Un couple de vendeurs de chevaux qui a fait l'objet d'un reportage à l'émission J.E., en 2004, a été victime de diffamation, a conclu un juge de la Cour supérieure, qui condamne TVA à payer 155 000$ au couple en question.

L'acheteur mécontent qui avait soumis son histoire à J.E., Jean-Marie Nicole, est condamné conjointement avec TVA. «En somme, il a joué la victime pour tenter de convaincre J.E., ce qu'il a réussi à faire, d'utiliser son histoire banale et essentiellement privée pour en faire une affaire d'intérêt public... Il a nettement exagéré les faits, les circonstances et les conséquences de son achat de cheval», a relevé le juge Richard Nadeau.

Les chevaux

Selon le jugement, Claude Delorme est dans le domaine des chevaux depuis son enfance. Il en achetait, en vendait et agissait comme maréchal-ferrant. Sa conjointe, Nathalie Marcotte, faisait la comptabilité et la gestion du commerce de chevaux, appelé Classic Cowboy Ranch.

En février 2004, le couple a vendu un cheval 6000$ à Jean-Marie Nicole. Dès l'achat, ce dernier a confié le cheval à un entraîneur pour deux mois. À l'expiration de la garantie (qui était de deux mois), l'acheteur, M. Nicole, a récupéré son cheval. Dans les semaines suivantes, il s'est déclaré insatisfait.

La bête avait une raideur à l'avant. Un examen radiologique a en outre révélé que ses jarrets étaient affectés d'un vice caché qui risquait d'entraîner une sérieuse boiterie à long terme.

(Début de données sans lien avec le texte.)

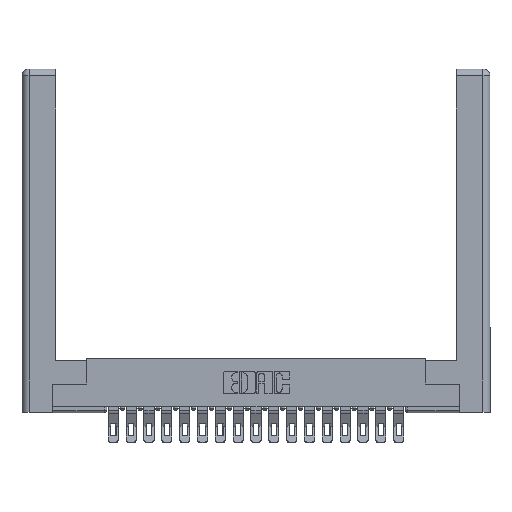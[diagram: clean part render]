
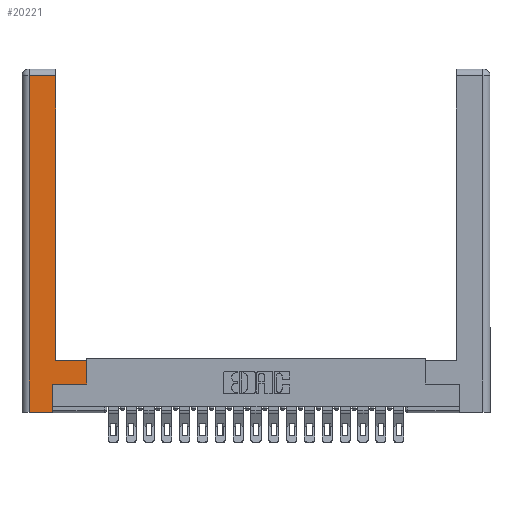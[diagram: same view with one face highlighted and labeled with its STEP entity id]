
A CAD part, top view. The second image highlights one B-rep face of the part: STEP entity #20221.
In plain terms, the highlighted planar face has unit normal (0, 0, 1).
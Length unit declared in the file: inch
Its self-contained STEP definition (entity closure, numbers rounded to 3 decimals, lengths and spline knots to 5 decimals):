
#768 = VECTOR ( 'NONE', #15210, 39.37008 ) ;
#839 = CARTESIAN_POINT ( 'NONE',  ( 0.295, 2.94, 0. ) ) ;
#1200 = EDGE_CURVE ( 'NONE', #19103, #3805, #19515, .T. ) ;
#1297 = CARTESIAN_POINT ( 'NONE',  ( 0.265, 0., 0. ) ) ;
#1776 = DIRECTION ( 'NONE',  ( 0., 1., 0. ) ) ;
#1829 = DIRECTION ( 'NONE',  ( -1., 0., 0. ) ) ;
#1953 = ORIENTED_EDGE ( 'NONE', *, *, #12906, .T. ) ;
#1990 = ORIENTED_EDGE ( 'NONE', *, *, #11901, .T. ) ;
#2523 = DIRECTION ( 'NONE',  ( 0., -1., 0. ) ) ;
#2726 = CARTESIAN_POINT ( 'NONE',  ( 0.0615, 2.94, 0. ) ) ;
#2972 = EDGE_CURVE ( 'NONE', #3805, #4291, #3683, .T. ) ;
#3269 = DIRECTION ( 'NONE',  ( -1., 0., 0. ) ) ;
#3683 = LINE ( 'NONE', #20021, #18110 ) ;
#3792 = CARTESIAN_POINT ( 'NONE',  ( 0.265, 0.245, 0. ) ) ;
#3805 = VERTEX_POINT ( 'NONE', #17342 ) ;
#4291 = VERTEX_POINT ( 'NONE', #1297 ) ;
#4520 = DIRECTION ( 'NONE',  ( 0., 1., 0. ) ) ;
#4871 = ORIENTED_EDGE ( 'NONE', *, *, #12141, .T. ) ;
#5198 = DIRECTION ( 'NONE',  ( 1., 0., 0. ) ) ;
#6422 = CARTESIAN_POINT ( 'NONE',  ( 0.565, 0.245, 0. ) ) ;
#6654 = DIRECTION ( 'NONE',  ( -1., 0., 0. ) ) ;
#7046 = DIRECTION ( 'NONE',  ( 0., 0., -1. ) ) ;
#7162 = PLANE ( 'NONE',  #10955 ) ;
#7809 = CARTESIAN_POINT ( 'NONE',  ( 0.295, 0.45, 0. ) ) ;
#7900 = ORIENTED_EDGE ( 'NONE', *, *, #11843, .T. ) ;
#8294 = VERTEX_POINT ( 'NONE', #6422 ) ;
#9830 = CARTESIAN_POINT ( 'NONE',  ( 0.0615, 2.94, 0. ) ) ;
#9873 = CARTESIAN_POINT ( 'NONE',  ( 0.565, 0.45, 0. ) ) ;
#9994 = LINE ( 'NONE', #14760, #19132 ) ;
#10141 = VERTEX_POINT ( 'NONE', #3792 ) ;
#10770 = DIRECTION ( 'NONE',  ( 1., 0., 0. ) ) ;
#10804 = VERTEX_POINT ( 'NONE', #9873 ) ;
#10836 = ORIENTED_EDGE ( 'NONE', *, *, #17631, .T. ) ;
#10955 = AXIS2_PLACEMENT_3D ( 'NONE', #13132, #7046, #6654 ) ;
#11098 = LINE ( 'NONE', #15977, #17675 ) ;
#11842 = VECTOR ( 'NONE', #1829, 39.37008 ) ;
#11843 = EDGE_CURVE ( 'NONE', #8294, #10804, #11098, .T. ) ;
#11901 = EDGE_CURVE ( 'NONE', #10141, #8294, #12426, .T. ) ;
#11911 = VERTEX_POINT ( 'NONE', #839 ) ;
#12141 = EDGE_CURVE ( 'NONE', #13612, #11911, #14206, .T. ) ;
#12426 = LINE ( 'NONE', #19117, #12841 ) ;
#12702 = CARTESIAN_POINT ( 'NONE',  ( 0.0615, 0., 0. ) ) ;
#12841 = VECTOR ( 'NONE', #10770, 39.37008 ) ;
#12906 = EDGE_CURVE ( 'NONE', #11911, #19103, #13285, .T. ) ;
#13132 = CARTESIAN_POINT ( 'NONE',  ( 0., 0., 0. ) ) ;
#13285 = LINE ( 'NONE', #9830, #11842 ) ;
#13517 = EDGE_LOOP ( 'NONE', ( #4871, #1953, #19429, #15472, #14705, #1990, #7900, #10836 ) ) ;
#13612 = VERTEX_POINT ( 'NONE', #14235 ) ;
#13750 = EDGE_CURVE ( 'NONE', #4291, #10141, #9994, .T. ) ;
#14206 = LINE ( 'NONE', #15830, #768 ) ;
#14235 = CARTESIAN_POINT ( 'NONE',  ( 0.295, 0.45, 0. ) ) ;
#14705 = ORIENTED_EDGE ( 'NONE', *, *, #13750, .T. ) ;
#14760 = CARTESIAN_POINT ( 'NONE',  ( 0.265, 0.245, 0. ) ) ;
#15210 = DIRECTION ( 'NONE',  ( 0., 1., 0. ) ) ;
#15472 = ORIENTED_EDGE ( 'NONE', *, *, #2972, .T. ) ;
#15830 = CARTESIAN_POINT ( 'NONE',  ( 0.295, 3., 0. ) ) ;
#15977 = CARTESIAN_POINT ( 'NONE',  ( 0.565, 0.45, 0. ) ) ;
#16507 = FACE_OUTER_BOUND ( 'NONE', #13517, .T. ) ;
#16611 = VECTOR ( 'NONE', #2523, 39.37008 ) ;
#17342 = CARTESIAN_POINT ( 'NONE',  ( 0.0615, 0., 0. ) ) ;
#17631 = EDGE_CURVE ( 'NONE', #10804, #13612, #21129, .T. ) ;
#17675 = VECTOR ( 'NONE', #4520, 39.37008 ) ;
#18110 = VECTOR ( 'NONE', #5198, 39.37008 ) ;
#19103 = VERTEX_POINT ( 'NONE', #2726 ) ;
#19117 = CARTESIAN_POINT ( 'NONE',  ( 0.565, 0.245, 0. ) ) ;
#19132 = VECTOR ( 'NONE', #1776, 39.37008 ) ;
#19429 = ORIENTED_EDGE ( 'NONE', *, *, #1200, .T. ) ;
#19515 = LINE ( 'NONE', #12702, #16611 ) ;
#20021 = CARTESIAN_POINT ( 'NONE',  ( 0.265, 0., 0. ) ) ;
#20221 = ADVANCED_FACE ( 'NONE', ( #16507 ), #7162, .F. ) ;
#20946 = VECTOR ( 'NONE', #3269, 39.37008 ) ;
#21129 = LINE ( 'NONE', #7809, #20946 ) ;

M. Nicole a réclamé un remboursement. Le vendeur Claude Delorme ne s'estimait pas responsable, disant ignorer comment le cheval avait été traité depuis la vente.

Il a avisé M. Nicole qu'il devrait le poursuivre aux petites créances.

J.E.

M. Nicole s'est plutôt tourné vers J.E., qui a accepté de réaliser un reportage sur les problèmes dans la vente de chevaux, en s'appuyant sur l'histoire de M. Nicole. Le couple vendeur a accepté, à contrecoeur, de donner son point de vue dans l'émission. Mais selon le juge, le couple a projeté une image peu reluisante. «[...] les demandeurs, malheureusement pour eux, ne font pas belle figure. Ils ont l'air rigides, Delorme apparaît plus enragé que d'autre chose en pointant de ses gros doigts un passage du contrat de vente et l'expiration de la garantie», note le magistrat.

Paradoxalement, le juge estime que M. Nicole avait raison de demander un remboursement et que les vendeurs ont eu tort de ne pas négocier un règlement. Le magistrat estime cependant que M. Nicole a voulu se faire justice lui-même. Le juge est d'avis que l'émission montre un «débalancement évident en faveur de la victime, Nicole, et du pauvre cheval», en comparaison des explications des vendeurs, se résumant à «quelques instants».

Le juge retient que le reportage a eu un effet catastrophique sur le commerce du couple, qui est «tombé à plat». Le juge évalue aussi que la réputation de Delorme a souffert et que sa conjointe en a subi les contrecoups.

Peu prisé

Le magistrat se montre critique face aux émissions d'enquête comme J.E., Enquête et La facture, où on «dévoile souvent des cas de fraude, d'escroquerie, de détournement et d'abus».

«C'est un «tribunal» public (certains parleront de lynchage ou d'inquisition), où les participants sont souvent blancs (victimes) ou noirs (escrocs, etc.), sans droit de regard et sans possibilité de se défendre. Le tribunal se croit permis d'ajouter en passant que l'avenir ne sera pas plus rose, bien au contraire! On parle de plus en plus d'une autre forme de tribunal public encore plus dévastateur: les célèbres réseaux sociaux qui, en quelques minutes, peuvent soulever les passions... et même amener la déchéance des gouvernements. Gare à ceux qui en sont les victimes ou les proies.»

Le jugement sera porté en appel, a confirmé Me Christian Leblanc, qui représente TVA dans cette affaire. Me Leblanc est d'avis que rien dans le jugement ne démontre un mauvais travail journalistique. Il considère aussi que la preuve de dommages n'a pas été faite.